The Dutch philosopher, Spinoza, said in the 17th century of the Christian era that Nature and God are one.

 

 

Long before that, the Hindus saw Prakriti (Nature ) and Purusha (God) as aspects of the divine principle. This is the letimotif of Hinduism's beliefs, the basis of its pluralism, its all embracing tolerance. The divine principle is Infinite and therefore limitless. It is not ONLY this or ONLY that. It can be worshipped in a variety of modes and the Rig Vedic mode set a precedent for Hinduism for all time to come.

 

 

Hence, the inner connection between the Saraswati and Vedic thought is not to be limited to a geographical nexus. The rediscovery of the 'lost' river is a joyful reaffirmation of the Vedic truths propounded on the banks of the Saraswati-Sindhu by sages and seers of the Veda.

 

 

The current present day controversy around the Saraswati and the composition of the Rig Veda by the indigenous people of India is a challenging and many ways a welcome one since Hindu/Indian scholars are tested in their mettle at the deepest and foundational level of their culture and religion. The discovery of some 2000 sites of what is formerly called the Indus Valley Civilisation, with almost 80 per cent of them being located at the site of Saraswati may indeed be the clinching argument for the continuity of Vedic civilization with the Indus Valley Civilisation, and its identity with that civilization.

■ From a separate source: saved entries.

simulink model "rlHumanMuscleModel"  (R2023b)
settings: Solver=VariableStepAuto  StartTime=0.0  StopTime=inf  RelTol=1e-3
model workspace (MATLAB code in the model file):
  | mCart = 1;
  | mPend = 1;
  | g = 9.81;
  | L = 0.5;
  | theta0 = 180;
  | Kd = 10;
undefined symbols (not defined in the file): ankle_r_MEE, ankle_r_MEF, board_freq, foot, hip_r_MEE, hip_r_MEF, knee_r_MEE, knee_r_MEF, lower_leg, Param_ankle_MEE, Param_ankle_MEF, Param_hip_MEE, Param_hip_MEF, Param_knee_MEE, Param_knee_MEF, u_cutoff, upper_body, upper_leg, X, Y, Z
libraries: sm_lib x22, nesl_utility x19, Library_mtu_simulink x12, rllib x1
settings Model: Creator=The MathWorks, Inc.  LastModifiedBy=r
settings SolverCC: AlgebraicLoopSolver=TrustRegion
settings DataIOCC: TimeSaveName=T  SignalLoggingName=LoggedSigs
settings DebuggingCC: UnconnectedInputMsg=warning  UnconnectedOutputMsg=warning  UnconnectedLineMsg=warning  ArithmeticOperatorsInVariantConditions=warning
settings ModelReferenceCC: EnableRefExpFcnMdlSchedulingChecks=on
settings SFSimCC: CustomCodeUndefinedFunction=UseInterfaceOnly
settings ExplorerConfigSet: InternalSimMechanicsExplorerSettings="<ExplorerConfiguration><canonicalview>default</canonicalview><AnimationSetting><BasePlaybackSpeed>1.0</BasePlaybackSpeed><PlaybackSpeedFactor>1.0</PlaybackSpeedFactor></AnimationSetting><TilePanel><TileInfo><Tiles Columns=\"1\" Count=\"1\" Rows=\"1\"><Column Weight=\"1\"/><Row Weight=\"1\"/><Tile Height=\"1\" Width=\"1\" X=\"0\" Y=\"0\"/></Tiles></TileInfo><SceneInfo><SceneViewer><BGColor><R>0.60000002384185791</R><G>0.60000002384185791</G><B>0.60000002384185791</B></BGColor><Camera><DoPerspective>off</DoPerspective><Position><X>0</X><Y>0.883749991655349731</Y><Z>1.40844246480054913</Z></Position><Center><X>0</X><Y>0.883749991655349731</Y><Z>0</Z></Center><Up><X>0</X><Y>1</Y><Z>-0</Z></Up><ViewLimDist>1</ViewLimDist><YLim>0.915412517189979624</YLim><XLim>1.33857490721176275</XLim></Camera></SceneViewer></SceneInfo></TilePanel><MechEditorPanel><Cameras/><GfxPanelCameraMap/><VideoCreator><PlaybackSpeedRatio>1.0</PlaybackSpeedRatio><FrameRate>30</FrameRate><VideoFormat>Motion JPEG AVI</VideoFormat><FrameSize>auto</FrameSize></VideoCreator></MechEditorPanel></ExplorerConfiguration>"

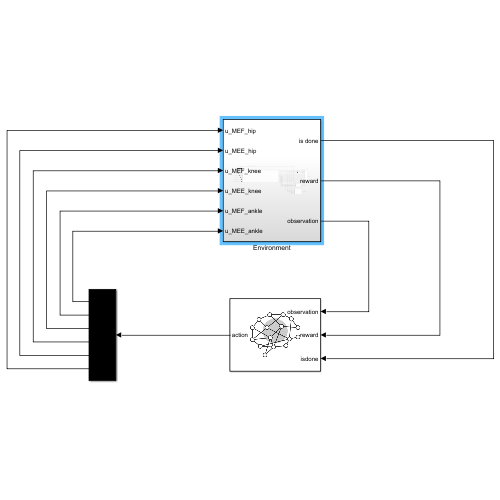
[thumbnail: Simulink's stored preview of the top-level diagram]
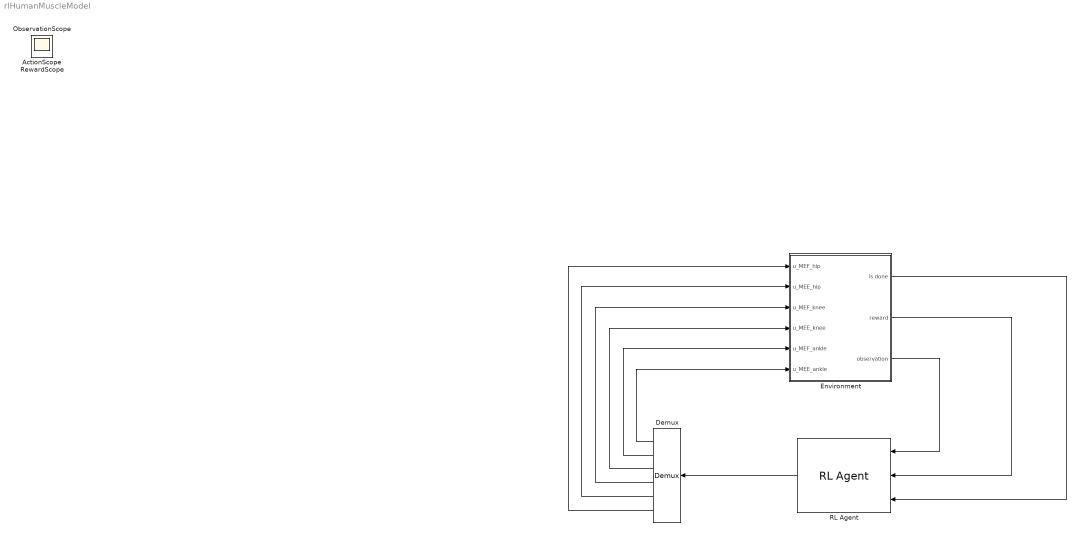
== system rlHumanMuscleModel ==
  Demux : Demux  Outputs=6
  Environment : Subsystem
  RL Agent : rllib/RL Agent  Agent=agent  ExternalActionAsInput=off  ProvideLastAction=off  ProvideCumRwd=off  TreatAsDirectFeedthrough=on  UseStrictObservationDataTypes=off
  ActionScope : Scope
  ObservationScope : Scope
  RewardScope : Scope
  wires:
  Environment/1(is done) -> RL Agent/3
  Environment/2(reward) -> RL Agent/2
  Environment/3(observation) -> RL Agent/1
  Demux/1 -> Environment/6(u_MEE_ankle)
  Demux/2 -> Environment/5(u_MEF_ankle)
  Demux/3 -> Environment/4(u_MEE_knee)
  Demux/4 -> Environment/3(u_MEF_knee)
  Demux/5 -> Environment/2(u_MEE_hip)
  Demux/6 -> Environment/1(u_MEF_hip)
  RL Agent/1 -> Demux/1

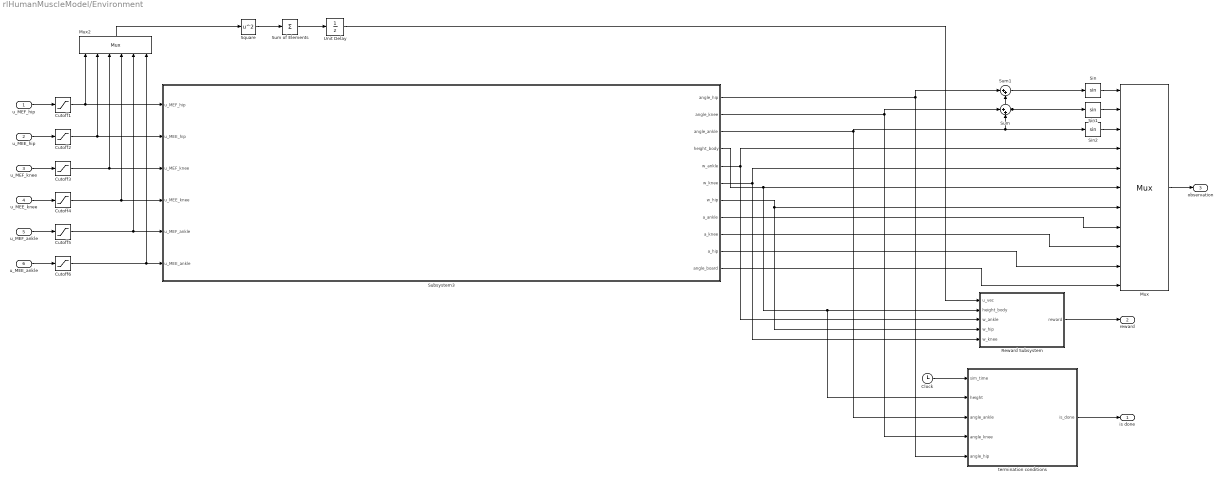
== system rlHumanMuscleModel/Environment ==
  u_MEF_hip : Inport
  u_MEE_hip : Inport  Port=2
  u_MEF_knee : Inport  Port=3
  u_MEE_knee : Inport  Port=4
  u_MEF_ankle : Inport  Port=5
  u_MEE_ankle : Inport  Port=6
  Clock : Clock
  Cutoff{1..6} (6 alike) : Saturate  UpperLimit=u_cutoff  LowerLimit=0
  Mux : Mux  Inputs=11
  Mux2 : Mux  Inputs=6
  Reward Subsystem : Subsystem
  Sin : Trigonometry
  Sin1 : Trigonometry
  Sin2 : Trigonometry
  Square : Math  Operator=square
  Subsystem3 : Subsystem
  Sum : Sum  Inputs=|++
  Sum of Elements : Sum  Inputs=+
  Sum1 : Sum  Inputs=|++
  Unit Delay : UnitDelay  SampleTime=-1  HasFrameUpgradeWarning=on
  "termination conditions " : MATLAB Function  TreatAsAtomicUnit=on
  is done : Outport  VectorParamsAs1DForOutWhenUnconnected=off
  reward : Outport  Port=2  VectorParamsAs1DForOutWhenUnconnected=off
  observation : Outport  Port=3
  wires:
  u_MEE_hip/1 -> Cutoff2/1
  u_MEF_hip/1 -> Cutoff1/1
  Cutoff1/1 -> Mux2/1, Subsystem3/1(u_MEF_hip)
  Cutoff2/1 -> Mux2/2, Subsystem3/2(u_MEE_hip)
  Cutoff3/1 -> Mux2/3, Subsystem3/3(u_MEF_knee)
  u_MEF_knee/1 -> Cutoff3/1
  u_MEE_knee/1 -> Cutoff4/1
  Cutoff4/1 -> Subsystem3/4(u_MEE_knee), Mux2/4
  Cutoff5/1 -> Subsystem3/5(u_MEF_ankle), Mux2/5
  u_MEF_ankle/1 -> Cutoff5/1
  Cutoff6/1 -> Mux2/6, Subsystem3/6(u_MEE_ankle)
  u_MEE_ankle/1 -> Cutoff6/1
  Mux/1 -> observation/1
  Subsystem3/6(w_knee) -> Reward Subsystem/5(w_knee), Mux/5
  Subsystem3/5(w_ankle) -> Reward Subsystem/3(w_ankle), Mux/4
  Subsystem3/4(height_body) -> Mux/6, "termination conditions "/2(height), Reward Subsystem/2(height_body)
  Reward Subsystem/1(reward) -> reward/1
  Subsystem3/7(w_hip) -> Reward Subsystem/4(w_hip), Mux/7
  Unit Delay/1 -> Reward Subsystem/1(u_vec)
  Mux2/1 -> Square/1
  Square/1 -> Sum of Elements/1
  Sum of Elements/1 -> Unit Delay/1
  Sin/1 -> Mux/1
  Sin1/1 -> Mux/2
  Sin2/1 -> Mux/3
  Sum/1 -> Sum1/2, Sin1/1
  Sum1/1 -> Sin/1
  Subsystem3/1(angle_hip) -> "termination conditions "/5(angle_hip), Sum1/1
  "termination conditions "/1(is_done) -> is done/1
  Clock/1 -> "termination conditions "/1(sim_time)
  Subsystem3/3(angle_ankle) -> "termination conditions "/3(angle_ankle), Sum/2, Sin2/1
  Subsystem3/2(angle_knee) -> "termination conditions "/4(angle_knee), Sum/1
  Subsystem3/8(a_ankle) -> Mux/8
  Subsystem3/9(a_knee) -> Mux/9
  Subsystem3/10(a_hip) -> Mux/10
  Subsystem3/11(angle_board) -> Mux/11

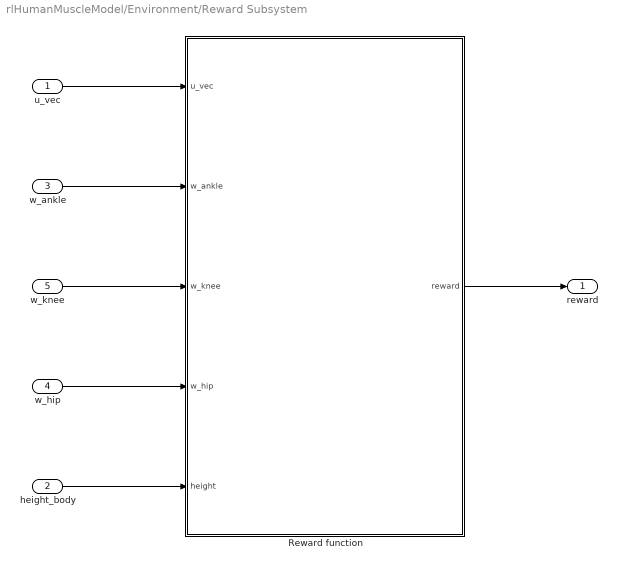
== system rlHumanMuscleModel/Environment/Reward Subsystem ==
  u_vec : Inport
  height_body : Inport  Port=2
  w_ankle : Inport  Port=3
  w_hip : Inport  Port=4
  w_knee : Inport  Port=5
  Reward function : MATLAB Function  TreatAsAtomicUnit=on
  reward : Outport
  wires:
  Reward function/1(reward) -> reward/1
  w_knee/1 -> Reward function/3(w_knee)
  w_ankle/1 -> Reward function/2(w_ankle)
  w_hip/1 -> Reward function/4(w_hip)
  height_body/1 -> Reward function/5(height)
  u_vec/1 -> Reward function/1(u_vec)

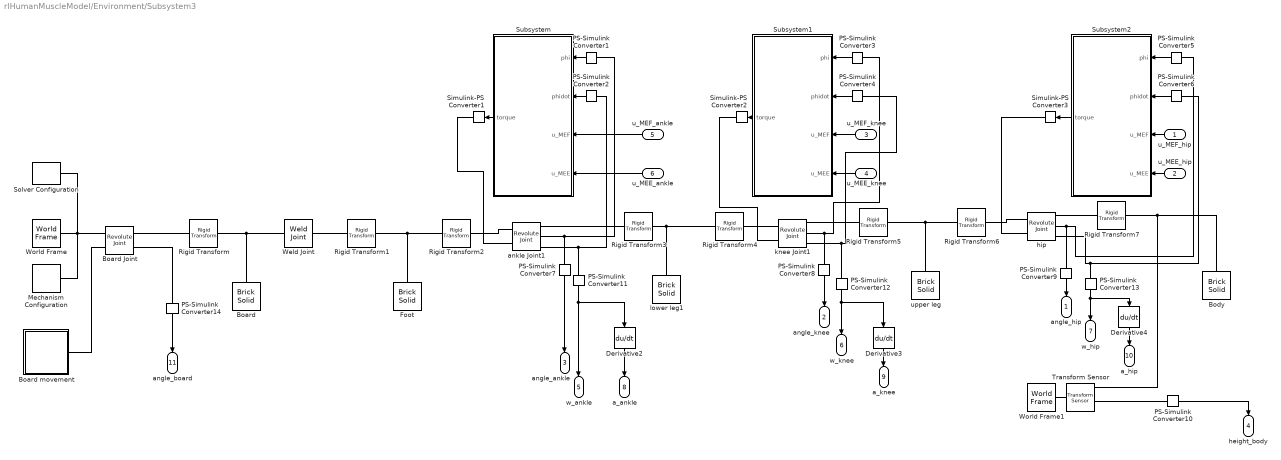
== system rlHumanMuscleModel/Environment/Subsystem3 ==
  u_MEF_hip : Inport
  u_MEE_hip : Inport  Port=2
  u_MEF_knee : Inport  Port=3
  u_MEE_knee : Inport  Port=4
  u_MEF_ankle : Inport  Port=5
  u_MEE_ankle : Inport  Port=6
  Board : sm_lib/Body Elements/Brick Solid  GraphicAmbientColor=[0.15 0.15 0.15 1.0]  BasedOnType=Density  BrickDimensions=[2.0 0.01 0.01]  BrickDimensionsUnits=m  CenterOfMass=[0 0 0]  CenterOfMassUnits=m  GraphicDiffuseColor=[0.5 0.5 0.5]  Density=1000  DensityUnits=kg/m^3  DoExposeReferenceFrame=on  GraphicEmissiveColor=[0.0 0.0 0.0 1.0]  ExportEntireGeometry=off  SerializedFrames=<Frames/>  MarkerShape=Sphere  MarkerSize=10  GraphicType=FromGeometry  InertiaType=Custom  Mass=300  MassUnits=kg  MomentsOfInertia=[0 0 0.24]  MomentsOfInertiaUnits=kg*m^2  GraphicOpacity=1.0  ProductsOfInertia=[0 0 0]  ProductsOfInertiaUnits=kg*m^2  GraphicShininess=75  GraphicSpecularColor=[0.5 0.5 0.5 1.0]  GraphicVisPropType=SimpleVisualProperties
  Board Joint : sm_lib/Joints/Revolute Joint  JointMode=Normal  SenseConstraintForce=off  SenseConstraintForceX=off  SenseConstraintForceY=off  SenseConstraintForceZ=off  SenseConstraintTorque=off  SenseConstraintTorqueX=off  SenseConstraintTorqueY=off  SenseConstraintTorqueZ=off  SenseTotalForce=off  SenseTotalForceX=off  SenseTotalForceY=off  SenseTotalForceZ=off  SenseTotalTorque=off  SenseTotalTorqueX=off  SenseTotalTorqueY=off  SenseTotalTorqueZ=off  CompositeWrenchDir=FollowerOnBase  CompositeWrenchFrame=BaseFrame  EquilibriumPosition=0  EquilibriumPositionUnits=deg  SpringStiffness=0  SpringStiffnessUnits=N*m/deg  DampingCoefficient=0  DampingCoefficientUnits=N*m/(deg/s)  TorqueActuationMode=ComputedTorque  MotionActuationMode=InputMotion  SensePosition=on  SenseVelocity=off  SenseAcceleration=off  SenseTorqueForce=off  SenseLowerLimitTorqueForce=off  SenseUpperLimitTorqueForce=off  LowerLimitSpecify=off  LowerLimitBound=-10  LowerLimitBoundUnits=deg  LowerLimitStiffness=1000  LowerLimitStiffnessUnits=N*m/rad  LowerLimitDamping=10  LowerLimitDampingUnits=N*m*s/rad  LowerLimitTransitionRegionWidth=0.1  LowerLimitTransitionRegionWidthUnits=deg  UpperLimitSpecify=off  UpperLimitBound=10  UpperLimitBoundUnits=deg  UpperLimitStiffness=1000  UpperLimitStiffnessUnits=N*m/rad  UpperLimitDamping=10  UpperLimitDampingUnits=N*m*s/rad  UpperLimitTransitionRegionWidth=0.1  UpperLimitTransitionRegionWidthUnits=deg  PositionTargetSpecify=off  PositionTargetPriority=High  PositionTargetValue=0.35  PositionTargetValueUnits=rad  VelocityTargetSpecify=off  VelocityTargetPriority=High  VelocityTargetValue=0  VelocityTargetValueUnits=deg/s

The new theorists have not only pointed out various similarities between the two cultures, but also the intimate connection of various beliefs and cultural habits between the Indus Valley Civilisation and the Vedic, a connection which can be seen even today in the Indian subcontinent.

 

 

The controversy may rage on between the Aryanists and the New Theorists but with the accumulating evidence centered round the rediscovery of the Saraswati, the latter seem to be winning out.

 

 

What is of importance is the opportunity provided to contemporary Indians to give new meaning to the alternative names given to the subcontinent and its rivers. After all, it was the Greeks who called the Sindhu, the river Indus. And Bharata Varsha, Hindustan and Bharat can be equally be used for the more modern India. Further, there is the message of the Veda which can never be forgotten. This is the great civilisational advantage of being a Hindu and that responsibility is upon Hindus, since they have inherited an ancient and noble tradition that extols the importance of Bhu (Earth), and the interconnected-ness of all life, cosmic and terrestrial.

 

 

In the end, that is Saraswati's message to all Hindus and all Indians who are part of the Indian subcontinent. It is also the message for all humanity in the New Age.

 

 

(The writer taught Political Philosophy at a Canadian university.)